第265話 因縁の対面


『じゃあ、神兵のみんなに敵を見分けるための眼を与えるね』


 そんな神の声が聞こえてきたのは、ひとしきり作戦の段取りや打ち合わせが終わった後だった。

 すでに夜は明け、窓の外は明るくなっている。

 よく晴れた、穏やかな朝だ。


「……眼?」


 何でも、神敵には死の女神であるネルカジロフの口付けという印が付けられ、神からその印を見分ける『眼』を与えられることで、神兵はひと目で敵とそうでない者の区別がつけられるようになるという。

 ここにいるのはエルシア以外、神殿騎士側の者ばかりだが、神兵の神官側の方では、すでにその眼の付与が終わったらしい。


 神敵討伐のために長期にわたって地上界へ繋がる門が閉ざされることになるのだが、神殿側には地上界で行われる神敵討伐のためだと女神たちから説明があったそうだ。

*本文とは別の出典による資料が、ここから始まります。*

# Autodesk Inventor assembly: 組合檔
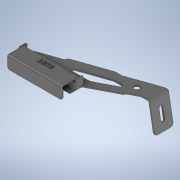
[picture p0: Inventor's stored thumbnail of the model, 180x180]
Saved by Autodesk Inventor 2022 (Build 260153000, 153)
## iProperties
Created: 2015-11-28
Part Number: 組合檔
Document SubType Name: Assembly
Designer: 設計製圖
Author: 設計製圖
## Documents named in this file (4)
- D:\資料庫\設計-3D Project\【May club 】\得利卡-車頂燈架\模型、圖面\成品版本\短-車頂燈架-組合(#01.05)\吊架-短(R)(#01.05)-完整.iam
- D:\資料庫\設計-3D Project\【May club 】\得利卡-車頂燈架\模型、圖面\成品版本\短-車頂燈架-組合(#01.05)\吊架-短(R)(#01.05) - 焊接組合.iam
- D:\資料庫\設計-3D Project\【May club 】\得利卡-車頂燈架\模型、圖面\成品版本\短-車頂燈架-組合(#01.05)\ㄇ槽(#01.05)- 焊接組合.iam
- C:\Users\p2013\OneDrive\桌面\補角片.ipt
## Components (3 placed, 3 different names)
1. 吊架-短(R)(#01.05) - 焊接組合:1 [sub-assembly] — 貼合:1, 貼合:2, 貼合:3, 齊平:2, 貼合:4
2. ㄇ槽(#01.05)- 焊接組合:1 [sub-assembly] — 貼合:1, 貼合:2
3. 補角片:1 — 貼合:3, 齊平:2, 貼合:4
## Relationships (6: Mate 4, Flush 2)
- 貼合:1 [Mate]: 吊架-短(R)(#01.05) - 焊接組合:1 ↔ ㄇ槽(#01.05)- 焊接組合:1
- 貼合:2 [Mate]: 吊架-短(R)(#01.05) - 焊接組合:1 ↔ ㄇ槽(#01.05)- 焊接組合:1
- 齊平:1 [Flush] (-120 mm)
- 貼合:3 [Mate]: 吊架-短(R)(#01.05) - 焊接組合:1 ↔ 補角片:1
- 齊平:2 [Flush]: 吊架-短(R)(#01.05) - 焊接組合:1 ↔ 補角片:1
- 貼合:4 [Mate]: 吊架-短(R)(#01.05) - 焊接組合:1 ↔ 補角片:1
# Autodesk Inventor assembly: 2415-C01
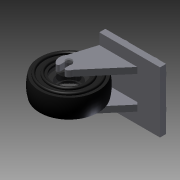
[picture p0: Inventor's stored thumbnail of the model, 180x180]
Saved by Autodesk Inventor 2011 SP1 (Build 150282100, 282)
## iProperties
Created: 2011-09-28
Part Number: 2415-C01
Cost Center: 0 kg
Document SubType Name: Assembly
Designer: PMe
Authority: 0 mm^3
Stock Number: =<Filenr>_<Document number>
Company: Allseas Engineering BV
Subject: =<Title><TITLE 1_2> <TITLE 2_2>
Author: PMe
Act. Code: DW000
SaveDate: 2011-06-29
SaveTime: 11:35
FileName: Standard
TotalMass: 0 kg
TotalVolume: 0 mm^3
## Documents named in this file (4)
- C:\Documents and Settings\pme\My Documents\fun folder\LEGO-VLIEGTUIG\2415-C01.iam
- C:\Documents and Settings\pme\My Documents\fun folder\LEGO-VLIEGTUIG\2415.ipt
- C:\Documents and Settings\pme\My Documents\fun folder\LEGO-VLIEGTUIG\3139.ipt
- C:\Documents and Settings\pme\My Documents\fun folder\LEGO-VLIEGTUIG\3464.ipt
## Components (3 placed, 3 different names)
1. 2415:1 — Insert:1
2. 3139:1 — Insert:2
3. 3464:1 — Insert:1, Insert:2
## Relationships (2: Insert 2)
- Insert:1: 2415:1 ↔ 3464:1
- Insert:2: 3139:1 ↔ 3464:1
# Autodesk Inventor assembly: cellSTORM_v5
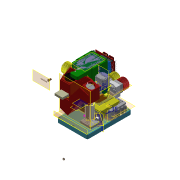
[picture p0: Inventor's stored thumbnail of the model, 180x180]
Saved by Autodesk Inventor 2022 (Build 260153000, 153)
## iProperties
Created: 2020-04-25
Part Number: cellSTORM_v5
Document SubType Name: Assembly
Designer: diederichbenedict
Author: diederichbenedict
## Documents named in this file (23)
- C:\Users\Muriel\Documents\GitHub\cellstorm\INVENTOR\cellSTORM_v6.iam
- C:\Users\Muriel\Documents\GitHub\cellstorm\INVENTOR\00_XY_stage-CHUO_SEIKI_LD-647-R1.iam
- C:\Users\Muriel\Documents\GitHub\cellstorm\INVENTOR\cellSTORM_laserbeam.ipt
- C:\Users\Muriel\Documents\GitHub\cellstorm\INVENTOR\02_Nanoscopy_Chip.ipt
- C:\Users\Muriel\Documents\GitHub\cellstorm\INVENTOR\00_Ballmagnets_5mm.ipt
- C:\Users\Muriel\Documents\GitHub\cellstorm\INVENTOR\00_Huawei_P20.ipt
- C:\Users\Muriel\Documents\GitHub\cellstorm\INVENTOR\cellSTORM_Base_v0_R1.ipt
- C:\Users\Muriel\Documents\GitHub\cellstorm\INVENTOR\00_KES400.iam
- C:\Users\Muriel\Documents\GitHub\cellstorm\INVENTOR\cellSTORM_v5_laserstage.ipt
- C:\Users\Muriel\Documents\GitHub\cellstorm\INVENTOR\cellSTORM_v5_cellphonestage.ipt
- C:\Users\Muriel\Documents\GitHub\cellstorm\INVENTOR\cellSTORM_v5_microsocpe.iam
- C:\Users\Muriel\Documents\GitHub\cellstorm\INVENTOR\cellSTORM_v5_microscope_cover.ipt
- C:\Users\Muriel\Documents\GitHub\cellstorm\INVENTOR\00_chip_01_old.ipt
- C:\Users\Muriel\Documents\GitHub\cellstorm\INVENTOR\cellSTORM_v5_chiptray_old_0.ipt
- C:\Users\Muriel\Documents\GitHub\cellstorm\INVENTOR\cellSTORM_v5_chiptry_clamp.ipt
- C:\Users\Muriel\Documents\GitHub\cellstorm\INVENTOR\00_Laser_532nm_200mw.ipt
- C:\Users\Muriel\Documents\GitHub\cellstorm\INVENTOR\00_LN680-Step.ipt
- C:\Users\Muriel\Documents\GitHub\cellstorm\INVENTOR\cellSTORM_v5_motorblock.ipt
- C:\Users\Muriel\Documents\GitHub\cellstorm\INVENTOR\cellSTORM_v5_cellphone_craddle.ipt
- C:\Users\Muriel\Documents\GitHub\cellstorm\INVENTOR\Assembly_Nema_Motor_attachement_for_XYstage.iam
- C:\Users\Muriel\Documents\GitHub\cellstorm\INVENTOR\00_RGB_Laser_converted.iam
- C:\Users\Muriel\Documents\GitHub\cellstorm\INVENTOR\00_Arduino_CNC_Assembly.iam
- C:\Users\diederichbenedict\Dropbox\cellSTORM\cellSTORM_v6.iam
## Components (25 placed, 21 different names)
1. 00_XY_stage-CHUO_SEIKI_LD-647-R1:1 [sub-assembly] — Insert:1, Angle:1, Insert:6, Angle:5, Flush:10, Flush:11
2. cellSTORM_laserbeam:1 — Insert:3, Insert:7, Insert:16, Passend:25
3. 02_Nanoscopy_Chip:1 — Insert:3, Angle:2
4. 00_Ballmagnets_5mm:1
5. 00_Ballmagnets_5mm:2
6. 00_Ballmagnets_5mm:3
7. cellSTORM_Base_v0_R1:1 — Insert:1, Angle:1, Angle:2, Flush:23
8. 00_XY_stage-CHUO_SEIKI_LD-647-R1:2 [sub-assembly] — Insert:6, Angle:5, Flush:12, Flush:13, Insert:17, Mate:26
9. 00_KES400:1 [sub-assembly] — Insert:7
10. cellSTORM_v5_laserstage:1 — Flush:10, Flush:11, Winkel:6, Fluchtend:26, Insert:18
11. cellSTORM_v5_cellphonestage:1 — Flush:12, Flush:13, Mate:10, Flush:14, Mate:24, Fluchtend:27, Flush:28, Flush:29
12. cellSTORM_v5_microsocpe:1 [sub-assembly] — Mate:10, Flush:14, Flush:15, Flush:16, Mate:23, Fluchtend:27
13. cellSTORM_v5_microscope_cover:1 — Flush:15, Flush:16
14. 00_Huawei_P20:1 — Mate:23, Mate:24, Flush:32
15. 00_chip_01_old:1 — Flush:22, Insert:16
16. cellSTORM_v5_chiptray_old_0:1 — Flush:22, Flush:23, Flush:24, Flush:25
17. cellSTORM_v5_chiptry_clamp:1 — Flush:24, Flush:25
18. 00_Laser_532nm_200mw:1 — Passend:25, Winkel:6, Fluchtend:26
19. 00_LN680-Step:1
20. cellSTORM_v5_motorblock:1 — Flush:28, Flush:29
21. cellSTORM_v5_cellphone_craddle:1 — Flush:32
22. Assembly_Nema_Motor_attachement_for_XYstage:1 [sub-assembly] — Insert:17
23. Assembly_Nema_Motor_attachement_for_XYstage:2 [sub-assembly] — Mate:26
24. 00_RGB_Laser_converted:1 [sub-assembly] — Insert:18
25. 00_Arduino_CNC_Assembly:1 [sub-assembly]
## Relationships (32: Flush 16, Insert 7, Mate 5, Angle 4)
- Insert:1: 00_XY_stage-CHUO_SEIKI_LD-647-R1:1 ↔ cellSTORM_Base_v0_R1:1
- Angle:1 (90 deg): 00_XY_stage-CHUO_SEIKI_LD-647-R1:1 ↔ cellSTORM_Base_v0_R1:1
- Insert:3 (5 mm): cellSTORM_laserbeam:1 ↔ 02_Nanoscopy_Chip:1
- Angle:2 (180 deg): 02_Nanoscopy_Chip:1 ↔ cellSTORM_Base_v0_R1:1
- Insert:6 (6 mm): 00_XY_stage-CHUO_SEIKI_LD-647-R1:1 ↔ 00_XY_stage-CHUO_SEIKI_LD-647-R1:2
- Angle:5 (180 deg): 00_XY_stage-CHUO_SEIKI_LD-647-R1:1 ↔ 00_XY_stage-CHUO_SEIKI_LD-647-R1:2
- Insert:7: cellSTORM_laserbeam:1 ↔ 00_KES400:1
- Flush:10: 00_XY_stage-CHUO_SEIKI_LD-647-R1:1 ↔ cellSTORM_v5_laserstage:1
- Flush:11: 00_XY_stage-CHUO_SEIKI_LD-647-R1:1 ↔ cellSTORM_v5_laserstage:1
- Flush:12: 00_XY_stage-CHUO_SEIKI_LD-647-R1:2 ↔ cellSTORM_v5_cellphonestage:1
- Flush:13: 00_XY_stage-CHUO_SEIKI_LD-647-R1:2 ↔ cellSTORM_v5_cellphonestage:1
- Mate:10: cellSTORM_v5_cellphonestage:1 ↔ cellSTORM_v5_microsocpe:1
- Flush:14: cellSTORM_v5_cellphonestage:1 ↔ cellSTORM_v5_microsocpe:1
- Flush:15: cellSTORM_v5_microsocpe:1 ↔ cellSTORM_v5_microscope_cover:1
- Flush:16: cellSTORM_v5_microsocpe:1 ↔ cellSTORM_v5_microscope_cover:1
- Mate:23: cellSTORM_v5_microsocpe:1 ↔ 00_Huawei_P20:1
- Mate:24: cellSTORM_v5_cellphonestage:1 ↔ 00_Huawei_P20:1
- Flush:22: 00_chip_01_old:1 ↔ cellSTORM_v5_chiptray_old_0:1
- Flush:23 (10 mm): cellSTORM_Base_v0_R1:1 ↔ cellSTORM_v5_chiptray_old_0:1
- Insert:16: cellSTORM_laserbeam:1 ↔ 00_chip_01_old:1
- Flush:24: cellSTORM_v5_chiptray_old_0:1 ↔ cellSTORM_v5_chiptry_clamp:1
- Flush:25: cellSTORM_v5_chiptray_old_0:1 ↔ cellSTORM_v5_chiptry_clamp:1
- Passend:25 [Mate]: cellSTORM_laserbeam:1 ↔ 00_Laser_532nm_200mw:1
- Winkel:6 [Angle] (180 deg): cellSTORM_v5_laserstage:1 ↔ 00_Laser_532nm_200mw:1
- Fluchtend:26 [Flush] (-15 mm): cellSTORM_v5_laserstage:1 ↔ 00_Laser_532nm_200mw:1
- Fluchtend:27 [Flush]: cellSTORM_v5_cellphonestage:1 ↔ cellSTORM_v5_microsocpe:1
- Flush:28: cellSTORM_v5_cellphonestage:1 ↔ cellSTORM_v5_motorblock:1
- Flush:29: cellSTORM_v5_cellphonestage:1 ↔ cellSTORM_v5_motorblock:1
- Flush:32: 00_Huawei_P20:1 ↔ cellSTORM_v5_cellphone_craddle:1
- Insert:17 (10 mm): 00_XY_stage-CHUO_SEIKI_LD-647-R1:2 ↔ Assembly_Nema_Motor_attachement_for_XYstage:1
- Mate:26 (5 mm): 00_XY_stage-CHUO_SEIKI_LD-647-R1:2 ↔ Assembly_Nema_Motor_attachement_for_XYstage:2
- Insert:18: cellSTORM_v5_laserstage:1 ↔ 00_RGB_Laser_converted:1

 そのため、朝になって門が開いてなくても誰も不審に思うことはないという。

 門を閉じている間は裁判も休みだから、ちょっとした休暇期間だと考えている者も多いらしい。呑気なものだ。


 しかし。


『……ん? あれ?』


 いざ眼の付与をするぞ、となったところで、神から予想外のことに直面したような声が上がる。


『ねぇ、白虎。キミ、魔力はどうしたのさ?』


 その問いかけで皆の視線がガインに集中する。

 この場にいる者は、ガインが白虎の獣人であることを知っている者ばかりだ。


「…………は? 俺?」

『キミの中にあるはずの魔力がないんだけど?』


 魔力を持たない者には眼を与えることが出来ない、と神は言う。


「俺は元から魔力なんて持っていないが?」

『いやいや、そんな訳ないから。キミは神獣なんだから、魔力がないなんて有り得ないよ』

「……しんじゅう?」


 何だそれ、とガインは首を傾げる。

 神は『魔力を持たない者は初めから神兵として選んでいない』と言い切り、う~ん、と悩むような声を出す。

 その場の全員が戸惑う顔を見合わせた。


『……あ、分かった。キミ、ちょっと子供を連れて来てよ』

「はあぁぁあ!?」


 この場にいる者でも、ルーリアの存在は一部の者しか知らない。それなのに、いきなり子供の存在を神に暴露され、ガインは慌てふためいた。


「何だ、ガイン! お前、子がいたのか!?」


 初孫の誕生を、たった今知ったかのようにダジェットが喜色満面でガインに抱きつこうとする。が、ガインはそれを全力で避け、代わりにキースクリフを押しつけた。今はそれどころではない。


「いや、それは」

『もしそれが出来ないなら、キミは今回の神兵から外すけど。どうする?』

「!!……くっ」


 どうするもこうするも、この戦いに自分が参加しないという選択肢はない。

 ガインはエルシアの護衛から離れられない自分の代わりに、リューズベルトにルーリアを迎えに行くよう頼んだ。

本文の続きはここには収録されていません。